The question specifically said replace with a mignon, the high I think is nuts


----------



## 4085 (Nov 23, 2012)

coffeechap said:


> The question specifically said replace with a mignon, the high I think is nuts


ah, you are too literal.....I took it to mean replace the HG generally, and the word Mignon just slipped in there. perhaps when Wintoid surfaces, he can expand. Did you take that big ball of string with you for the kids when you let them loose in the caves?


----------



## 2971 (May 7, 2012)

My taste and interest in coffee seems to be skewed more towards the chocolatey end of the spectrum. For me, a nightmare coffee is ultra bright, very fruity, acidic etc etc. A dream coffee has deep, smooth flavours and tastes like... well... coffee... or maybe caramel or chocolate.

Historically, I've always been attracted to the "human input" of craft. I chose a Cremina and HG One because I wanted to feel a part of the coffee making experience. I feel the beans as they grind. I feel the resistance as I push the water through the puck. I love that. I really enjoy using the equipment.

I've read a lot about conical vs flat burrs, and I always come to the conclusion that I may have made a mistake in choosing the HG One, given my taste preferences. I have altered my bean-buying according to my taste, of course, but I sometimes wonder whether a flat burr grinder would allow me to get more enjoyment from the brighter coffee beans available.

I was prepared to shell out for the HG One because it scratched my manual-operation itch. If I had to have an electric grinder, I would not want to spend tons on some huge thing... I won't get the pleasure from using it, so I'd be looking for something cheap, small and nice looking.

So, really the questions are whether the quality of the HG One vs Mignon means that I'd be mad to do this, or perhaps the difference between flat and conical isn't all that, or perhaps I'm barking up the wrong tree.

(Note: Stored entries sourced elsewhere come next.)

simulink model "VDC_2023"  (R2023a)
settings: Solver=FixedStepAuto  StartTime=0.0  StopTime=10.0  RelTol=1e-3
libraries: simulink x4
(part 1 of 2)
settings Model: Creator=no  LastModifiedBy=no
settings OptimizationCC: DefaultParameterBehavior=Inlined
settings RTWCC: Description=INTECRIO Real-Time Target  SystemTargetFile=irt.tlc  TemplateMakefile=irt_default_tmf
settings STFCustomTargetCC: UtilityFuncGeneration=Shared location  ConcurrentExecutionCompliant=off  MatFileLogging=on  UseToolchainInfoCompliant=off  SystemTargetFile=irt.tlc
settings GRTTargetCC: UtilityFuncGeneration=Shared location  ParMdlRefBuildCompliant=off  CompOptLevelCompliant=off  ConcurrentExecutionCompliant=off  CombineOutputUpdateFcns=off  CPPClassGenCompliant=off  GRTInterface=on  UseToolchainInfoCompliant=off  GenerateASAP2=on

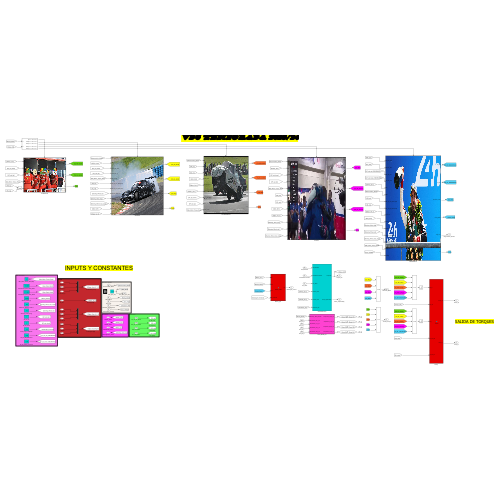
[thumbnail: Simulink's stored preview of the top-level diagram]
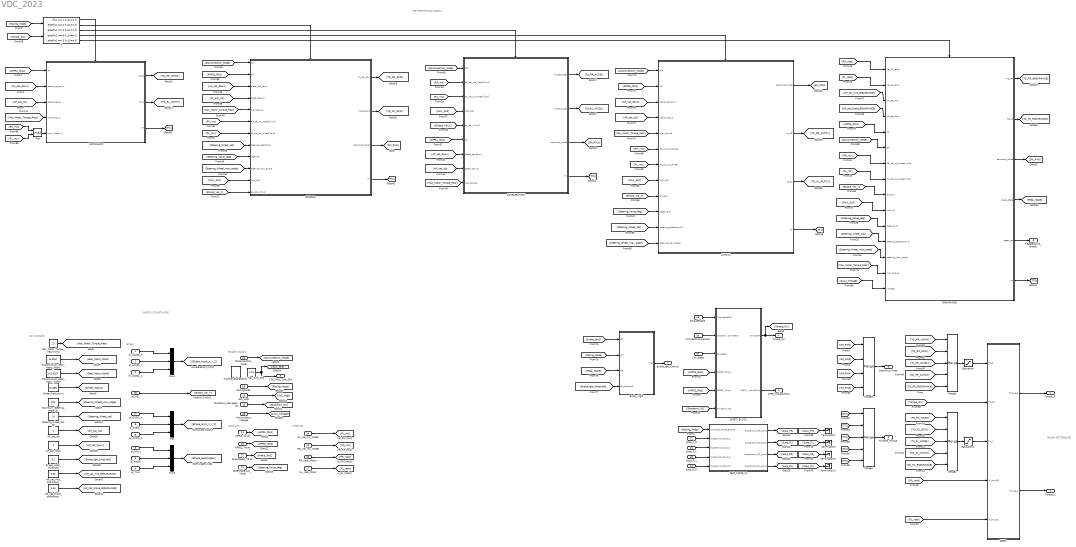
== system VDC_2023 ==
  note: VDC TEMPORADA 2023/24
  note: INPUTS Y CONSTANTES
  note: SALIDA DE TORQUES
  note: Ellipse
  note: Sensorics
  note: Velocities
  note: Car constants
  note: Random Signals
  el_ACCEL_X : Inport
  el_ACCEL_Y : Inport  Port=2
  el_ACCEL_Z : Inport  Port=3
  el_YAW : Inport  Port=4
  el_PITCH : Inport  Port=5
  el_ROLL : Inport  Port=6
  el_GYRO_X : Inport  Port=7
  el_GYRO_Y : Inport  Port=8
  el_GYRO_Z : Inport  Port=9
  APPS2_Value : Inport  Port=10
  APPS1_Value : Inport  Port=11
  BrakePedal_Value : Inport  Port=12
  SteeringSensor_Value : Inport  Port=13
  RL_Vel_ms_Wheel : Inport  Port=14
  RR_Vel_ms_Wheel : Inport  Port=15
  RR_rads_Motor : Inport  Port=16
  RL_rads_Motor : Inport  Port=17
  Accumulator_Voltage : Inport  Port=18
  Shutdown_PackageIntck : Inport  Port=19
  Disconnection_Mode : Inport  Port=20
  Susp_F_L : Inport  Port=21
  Susp_F_R : Inport  Port=22
  Susp_R_L : Inport  Port=23
  Susp_R_R : Inport  Port=24
  TorqueEnable : Inport  Port=25
  CriticalDisconnection : Inport  Port=26
  Car_State : Inport  Port=27
  RacingMode : Inport  Port=28
  SoC_High : Inport  Port=29
  el_VEL : Inport  Port=30
  ACCELERATION : Subsystem
      mask Display: image('flight-simulator-x-4e263b2eefc8e-3478716029.jpg');
  AP_sat_brake_endurance : Constant  Value=0.45
  AP_sat_down : Constant  Value=0
  AP_sat_mid_endurance : Constant  Value=0.55
  AP_sat_up : Constant
  AUTOX1 : Subsystem
      mask Display: image('autox.jpg');
  Brake_Light : MATLAB Function  TreatAsAtomicUnit=on
  Brake_Light_Threshold : Constant  Value=0.2
  ENDURANCE : Subsystem
      mask Display: image('endurance.jpg');
  Function Explanation : simulink/Model-Wide Utilities/DocBlock  DocumentType=Text
      content=|
      | Comparing the speed of the Ellipse and the speed of the Wheels, we can
      | determine the % of deviation between both (which is the slip). With
      | calculations from the Tyres & Performance Department, we know that the
      | maximum optimal slip in a STRAIGHT line is 15%. Therefore (using the Magic
      | Formula), we can determine the maximum X-Force permissible by the Wheels
      | with that % of slip (which is the constant Max_Fx_Tyre, input
      | of Rigid Axle).
      |
      | With that and the radius of the Wheels, we can calculate the maximum
      | Torque for it to stop slipping.
  If : If  NumInputs=2  IfExpression=u1 == 1 & u2 == 1  ElseIfExpressions=u1 == 2 & u2 == 1, u1 == 3 & u2 == 1, u1 == 4 & u2 == 1, u1 == 5 & u2 == 1  ShowElse=off
  Max : MinMax  Function=max  Inputs=2
  Max_Motor_Torque_Rear [Nm] : Constant  Value=27
  Max_Tyre_Slip : Constant  Value=1.15
  Maximum_Steering_angle [º] : Constant  Value=125
  Merge1 : Merge  Inputs=5
  Merge2 : Merge  Inputs=5
  Merge3 : Merge  Inputs=4
  Merge4 : Merge  Inputs=5
  Mux : Mux  Inputs=3
  Mux1 : Mux  Inputs=3
  Mux3 : Mux  Inputs=3
  SAFETY BLOCK : Subsystem
  SKIDPAD : Subsystem
      mask Display: image('MZR_MadMike_Okayama_36_12-4221701208.jpg');
  Safety : MATLAB Function  TreatAsAtomicUnit=on
  Saturation : Saturate  UpperLimit=27  LowerLimit=-27
  Saturation1 : Saturate  UpperLimit=27  LowerLimit=-27
  Steering_wheel_sat [º] : Constant  Value=10
  TEST_MODE_IN : Subsystem  TreatAsAtomicUnit=on
  Terminator{2..3,10..11} (4 alike) : Terminator
  Transmission_Gear_Ratio_MtoW : Constant  Value=11.3257
  Transmission_Gear_Ratio_WtoM : Constant  Value=1/11.3257
  WORKSHOP : Subsystem
      mask Display: image('workshop.jpg');
  Wheel_Radius [m] : Constant  Value=0.2285
  Torque_R : Outport
  Torque_L : Outport  Port=2
  APPS_Implausibility : Outport  Port=3  VectorParamsAs1DForOutWhenUnconnected=off
  Torque_OK : Outport  Port=4  VectorParamsAs1DForOutWhenUnconnected=off
  VDC_Max_Tyre_Slip : Outport  Port=5
  Sensorics_Mode : Outport  Port=6
  BrakeLight_Control : Outport  Port=7  VectorParamsAs1DForOutWhenUnconnected=off
  Regenerative_Enable : Outport  Port=8
  Throttle_Torque : Outport  Port=9
  wires:
  el_PITCH/1 -> Mux3/2
  el_GYRO_Z/1 -> Mux/3
  el_ACCEL_Y/1 -> Mux1/2
  Mux3/1 -> [Ellipse_EulerAngles]
  el_ROLL/1 -> Mux3/1
  Mux1/1 -> [Ellipse_Accel_X_Y_Z]
  el_YAW/1 -> Mux3/3
  el_GYRO_X/1 -> Mux/1
  el_ACCEL_X/1 -> Mux1/1
  Mux/1 -> [Ellipse_Gyro_X_Y_Z]
  el_GYRO_Y/1 -> Mux/2
  el_ACCEL_Z/1 -> Mux1/3
  SteeringSensor_Value/1 -> [Steering_Value_deg]
  APPS1_Value/1 -> [APPS1_0to1]
  BrakePedal_Value/1 -> [Brake_0to1]
  APPS2_Value/1 -> [APPS2_0to1]
  Transmission_Gear_Ratio_MtoW/1 -> [Gear_Ratio_MtoW]
  Transmission_Gear_Ratio_WtoM/1 -> [Gear_Ratio_WtoM]
  Wheel_Radius [m]/1 -> [Wheel_Radius]
  Max_Motor_Torque_Rear [Nm]/1 -> [Max_Motor_Torque_Rear]
  Shutdown_PackageIntck/1 -> [Shutdown_OK]
  Accumulator_Voltage/1 -> [Accu_Voltage]
  Maximum_Steering_angle [º]/1 -> [Steering_Wheel_max_angle]
  Steering_wheel_sat [º]/1 -> [Steering_Wheel_sat]
  Disconnection_Mode/1 -> [Disconnection_Mode]
  TEST_MODE_IN/2(Suspension_FL_N_out) -> [Susp_FL]
  [Racing_Mode] -> TEST_MODE_IN/1(Workshop_Mode_Enable)
  Susp_F_R/1 -> TEST_MODE_IN/2(Suspension_FR_N_in)
  Susp_R_L/1 -> TEST_MODE_IN/4(Suspension_RL_N_in)
  Susp_R_R/1 -> TEST_MODE_IN/5(Suspension_RR_N_in)
  TEST_MODE_IN/3(Suspension_RR_N_out) -> [Susp_RR]
  Susp_F_L/1 -> TEST_MODE_IN/3(Suspension_FL_N_in)
  TEST_MODE_IN/4(Suspension_RL_N_out) -> [Susp_RL]
  TEST_MODE_IN/1(Suspension_FR_N_out) -> [Susp_FR]
  Max_Tyre_Slip/1 -> [MAX_SLR], VDC_Max_Tyre_Slip/1
  CriticalDisconnection/1 -> SAFETY BLOCK/2(CriticalDisconnection)
  TorqueEnable/1 -> SAFETY BLOCK/1(TorqueEnable)
  SAFETY BLOCK/1(TorqueOK) -> Torque_OK/1, [Torque_OK]
  [APPS1_0to1] -> SAFETY BLOCK/4(APPS1_Value)
  SAFETY BLOCK/2(APPS_Implausibility) -> APPS_Implausibility/1
  [APPS2_0to1] -> SAFETY BLOCK/5(APPS2_Value)
  [Shutdown_OK] -> SAFETY BLOCK/6(Shutdown_OK)
  Car_State/1 -> SAFETY BLOCK/3(Car_State)
  AP_sat_up/1 -> [AP_sat_Up]
  AP_sat_down/1 -> [AP_sat_down]
  [Susp_FL] -> Terminator3/1
  [Susp_RL] -> Terminator11/1
  [Susp_RR] -> Terminator10/1
  [Susp_FR] -> Terminator2/1
  [Tq_RR_ACCEL] -> Merge2/3
  [TQ_RR_AUTOX] -> Merge2/4
  [TQ_RR_WORK] -> Merge2/1
  [TQ_RR_SKID] -> Merge2/2
  RacingMode/1 -> [Racing_Mode]
  [APPS1_0to1] -> WORKSHOP/1(AP)
  [AP_sat_down] -> WORKSHOP/2(pedal_sat_down)
  [AP_sat_Up] -> WORKSHOP/3(pedal_sat_up)
  [Max_Motor_Torque_Rear] -> WORKSHOP/4(max_torque)
  [TQ_RR_ENDURANCE] -> Merge2/5
  [TQ_RL_ENDURANCE] -> Merge1/5
  [TQ_RL_SKID] -> Merge1/2
  [TQ_RL_AUTOX] -> Merge1/4
  [Tq_RL_ACCEL] -> Merge1/3
  [TQ_RL_WORK] -> Merge1/1
  WORKSHOP/1(TQ_R) -> [TQ_RR_WORK]
  WORKSHOP/2(TQ_L) -> [TQ_RL_WORK]
  ENDURANCE/2(TQ_RL) -> [TQ_RL_ENDURANCE]
  ENDURANCE/1(TQ_RR) -> [TQ_RR_ENDURANCE]
  [Racing_Mode] -> If/1
  If/1 -> WORKSHOP/Action
  If/2 -> SKIDPAD/Action
  If/3 -> ACCELERATION/Action
  If/4 -> AUTOX1/Action
  If/5 -> ENDURANCE/Action
  [MAX_SLR] -> ENDURANCE/10(max_slr)
  [Disconnection_Mode] -> ENDURANCE/6(DM)
  RL_rads_Motor/1 -> [RL_rads]
  RR_rads_Motor/1 -> [RR_rads]
  RR_Vel_ms_Wheel/1 -> [RR_ms]
  RL_Vel_ms_Wheel/1 -> [RL_ms]
  [RR_rads] -> ENDURANCE/1(Vel_RR_rad/s)
  [RL_rads] -> ENDURANCE/2(Vel_RL_rad/s)
  [RR_ms] -> ENDURANCE/7(RR_Vel_ms_Wheel [m/s])
  [RL_ms] -> ENDURANCE/8(RL_Vel_ms_Wheel [m/s])
  [Steering_Wheel_sat] -> ENDURANCE/12(steering_deadzone (º))
  [Steering_Value_deg] -> ENDURANCE/11(steering (º))
  [Steering_Wheel_max_angle] -> ENDURANCE/13(steering_max_angle)
  [APPS1_0to1] -> ENDURANCE/5(AP)
  SoC_High/1 -> [SoC_High]
  ACCELERATION/1(Tq_RR_accel) -> [Tq_RR_ACCEL]
  ACCELERATION/2(Tq_RL_accel) -> [Tq_RL_ACCEL]
  SKIDPAD/1(Tq_RR_Skid) -> [TQ_RR_SKID]
  SKIDPAD/2(Tq_RL_Skid) -> [TQ_RL_SKID]
  [Disconnection_Mode] -> SKIDPAD/1(DM)
  [Disconnection_Mode] -> ACCELERATION/1(DM)
  [RR_ms] -> SKIDPAD/6(RR_Vel_ms_Wheel [m/s])
  [RL_ms] -> SKIDPAD/7(RL_Vel_ms_Wheel [m/s])
  [RL_ms] -> ACCELERATION/3(RL_Vel_ms_Wheel [m/s])
  [RR_ms] -> ACCELERATION/2(RR_Vel_ms_Wheel [m/s])
  [APPS1_0to1] -> SKIDPAD/2(AP)
  [Steering_Value_deg] -> SKIDPAD/9(steering)
  [APPS1_0to1] -> ACCELERATION/6(AP)
  [AP_sat_down] -> SKIDPAD/3(pedal_sat_down)
  [AP_sat_Up] -> SKIDPAD/4(pedal_sat_up)
  [AP_sat_down] -> ACCELERATION/7(pedal_sat_down)
  [AP_sat_Up] -> ACCELERATION/8(pedal_sat_up)
  [Max_Motor_Torque_Rear] -> SKIDPAD/5(max_torque)
  [Max_Motor_Torque_Rear] -> ACCELERATION/9(max_torque)
  [MAX_SLR] -> SKIDPAD/11(MAX_SLR)
  [Steering_Wheel_sat] -> SKIDPAD/8(steering_deadzone)
  [Steering_Wheel_max_angle] -> SKIDPAD/10(steering_max_angle)
  [MAX_SLR] -> ACCELERATION/4(MAX_SLR)
  [Torque_OK] -> If/2
  Merge3/1 -> Sensorics_Mode/1
  [SM_RM2] -> Merge3/1
  [SM_RM4] -> Merge3/3
  [SM_RM5] -> Merge3/4
  [SM_RM3] -> Merge3/2
  SKIDPAD/3(sensorics_mode) -> [SM_RM2]
  ACCELERATION/3(sensorics_mode) -> [SM_RM3]
  ENDURANCE/3(sensorics_mode) -> [SM_RM5]
  AUTOX1/1(sensorics_mode) -> [SM_RM4]
  AUTOX1/2(tq_RR) -> [TQ_RR_AUTOX]
  AUTOX1/3(tq_RL) -> [TQ_RL_AUTOX]
  [Steering_Wheel_max_angle] -> AUTOX1/12(steering_max_angle)
  [Steering_Value_deg] -> AUTOX1/10(steering (º))
  [Steering_Wheel_sat] -> AUTOX1/11(steering_deadzone (º))
  [MAX_SLR] -> AUTOX1/8(MAX_SLR)
  [RR_ms] -> AUTOX1/6(RR_vel_ms_Wheel)
  [RL_ms] -> AUTOX1/7(RL_vel_ms_Wheel)
  [Max_Motor_Torque_Rear] -> AUTOX1/5(max_torque)
  [Disconnection_Mode] -> AUTOX1/1(DM)
  [APPS1_0to1] -> AUTOX1/2(AP)
  [AP_sat_down] -> AUTOX1/3(pedal_sat_down)
  [AP_sat_Up] -> AUTOX1/4(pedal_sat_up)
  ENDURANCE/4(Pedal_State) -> [Pedal_State]
  Brake_Light_Threshold/1 -> [BrakeLight_threshold]
  Brake_Light/1(BL) -> BrakeLight_Control/1
  [Brake_0to1] -> Brake_Light/1(BP)
  [Racing_Mode] -> Brake_Light/2(RM)
  [BrakeLight_threshold] -> Brake_Light/4(BL_threshold)
  [Pedal_State] -> Brake_Light/3(PS)
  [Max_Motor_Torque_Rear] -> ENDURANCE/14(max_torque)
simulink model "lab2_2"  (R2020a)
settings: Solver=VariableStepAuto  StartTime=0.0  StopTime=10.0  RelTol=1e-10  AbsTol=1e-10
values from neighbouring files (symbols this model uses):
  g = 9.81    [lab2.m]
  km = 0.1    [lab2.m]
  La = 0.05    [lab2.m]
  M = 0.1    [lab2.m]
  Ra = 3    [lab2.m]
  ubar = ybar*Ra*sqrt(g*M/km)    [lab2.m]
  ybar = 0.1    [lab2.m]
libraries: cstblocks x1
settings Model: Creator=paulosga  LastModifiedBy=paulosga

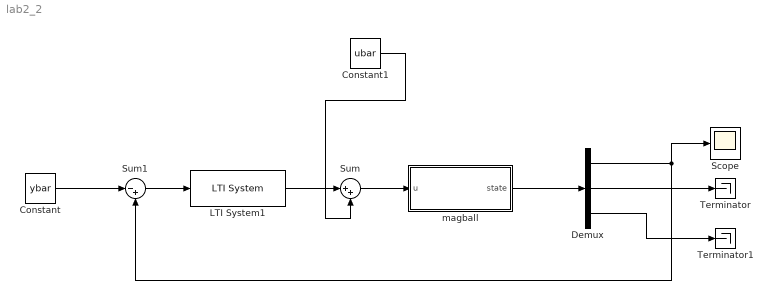
== system lab2_2 ==
  Constant : Constant  Value=ybar
  Constant1 : Constant  Value=ubar
  Demux : Demux  Outputs=3
  LTI System1 : cstblocks/LTI System  sys=CONTROLLER  IC=[]
  Scope : Scope
  Sum : Sum  Inputs=|++
  Sum1 : Sum  Inputs=|-+
  Terminator : Terminator
  Terminator1 : Terminator
  magball : Subsystem
  wires:
  LTI System1/1 -> Sum/1
  Demux/1 -> Sum1/2, Scope/1
  Demux/3 -> Terminator1/1
  Demux/2 -> Terminator/1
  magball/1(state) -> Demux/1
  Constant1/1 -> Sum/2
  Sum1/1 -> LTI System1/1
  Constant/1 -> Sum1/1
  Sum/1 -> magball/1(u)

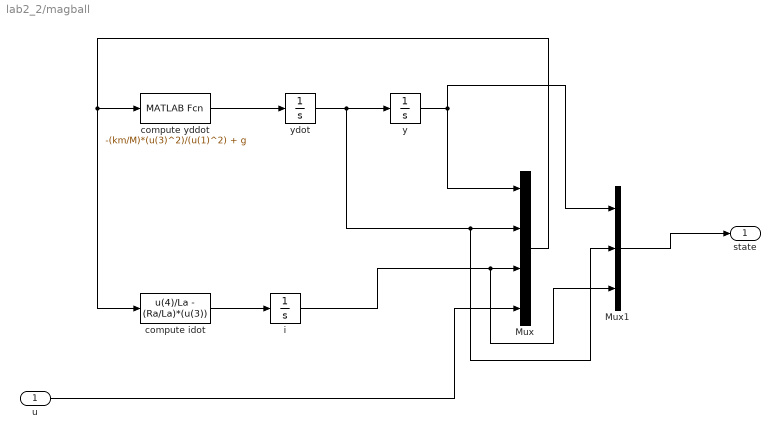
== system lab2_2/magball ==
  u : Inport
  Mux : Mux
  Mux1 : Mux  Inputs=3
  compute idot : MATLABFcn  MATLABFcn=u(4)/La - (Ra/La)*(u(3))
  compute yddot : MATLABFcn  MATLABFcn=-(km/M)*(u(3)^2)/(u(1)^2) + g
  i : Integrator
  y : Integrator
  ydot : Integrator
  state : Outport
  wires:
  ydot/1 -> Mux1/2, Mux/2, y/1
  compute yddot/1 -> ydot/1
  compute idot/1 -> i/1
  Mux1/1 -> state/1
  y/1 -> Mux1/1, Mux/1
  Mux/1 -> compute idot/1, compute yddot/1
  i/1 -> Mux1/3, Mux/3
  u/1 -> Mux/4

Whilst I've had a Pharos, Rosco and HG One in the few years I've been into this, I don't really like changing equipment unless I'm sure I'm doing the right thing.


----------



## 4085 (Nov 23, 2012)

Mr Wintoid, I have a Mignon down at a pals house. if you would like, as long as you cover the postage you can have it to try for a couple of weeks, then you have not lost anything


----------



## Mrboots2u (May 10, 2013)

wintoid said:


> My taste and interest in coffee seems to be skewed more towards the chocolatey end of the spectrum. For me, a nightmare coffee is ultra bright, very fruity, acidic etc etc. A dream coffee has deep, smooth flavours and tastes like... well... coffee... or maybe caramel or chocolate.
> 
> Historically, I've always been attracted to the "human input" of craft. I chose a Cremina and HG One because I wanted to feel a part of the coffee making experience. I feel the beans as they grind. I feel the resistance as I push the water through the puck. I love that. I really enjoy using the equipment.
> 
> ...


With a mignon It wont be an apples for apples comparison

So you have a really good set of conical burrs ( hand powered ) v a really small set of flatt burrs ( mignon )

My preference is for a flat burr grinder - but you are not me .. I've had a ton of great bright shots-fruit forward shots from really good barista's on conical grinders too ( robur's , san remo , compaks ) .

Have you explored different ratios in extraction with the HG1 first ? More fruit forward , need higher extractions - bigger ratios

Dfk has given you a kind offer to try a mignon , so nothing lost there . I find the adjustment mech not super user friendly on them..

In the end it's your palate , wallet and preference , so try stuff out and see

My personal opinion - yes your mad ( i means this in a nice way ) .. by all means swap out for a flat burr grinder but get one more deserving of that nice machine and the good coffee you have

For info here , i used a mignon for about a month with fruit forward lighter beans . I found it lacking clarity in the up of the bigger burr brothers ( K30 upwards ) and the taste a little muddled ( as espresso ) which came across as overly bright. You can only push those small burrs so far on the extraction levels before the taste maxs out


----------



## 2971 (May 7, 2012)

@dfk41 - that's a stellar offer, thank you so much. I will bite your hand off. Would it be OK if we delayed it by a couple of weeks, so I can be trying out the Mignon just as the next wave of Hasbean SSSSS coffee arrives at the end of the month?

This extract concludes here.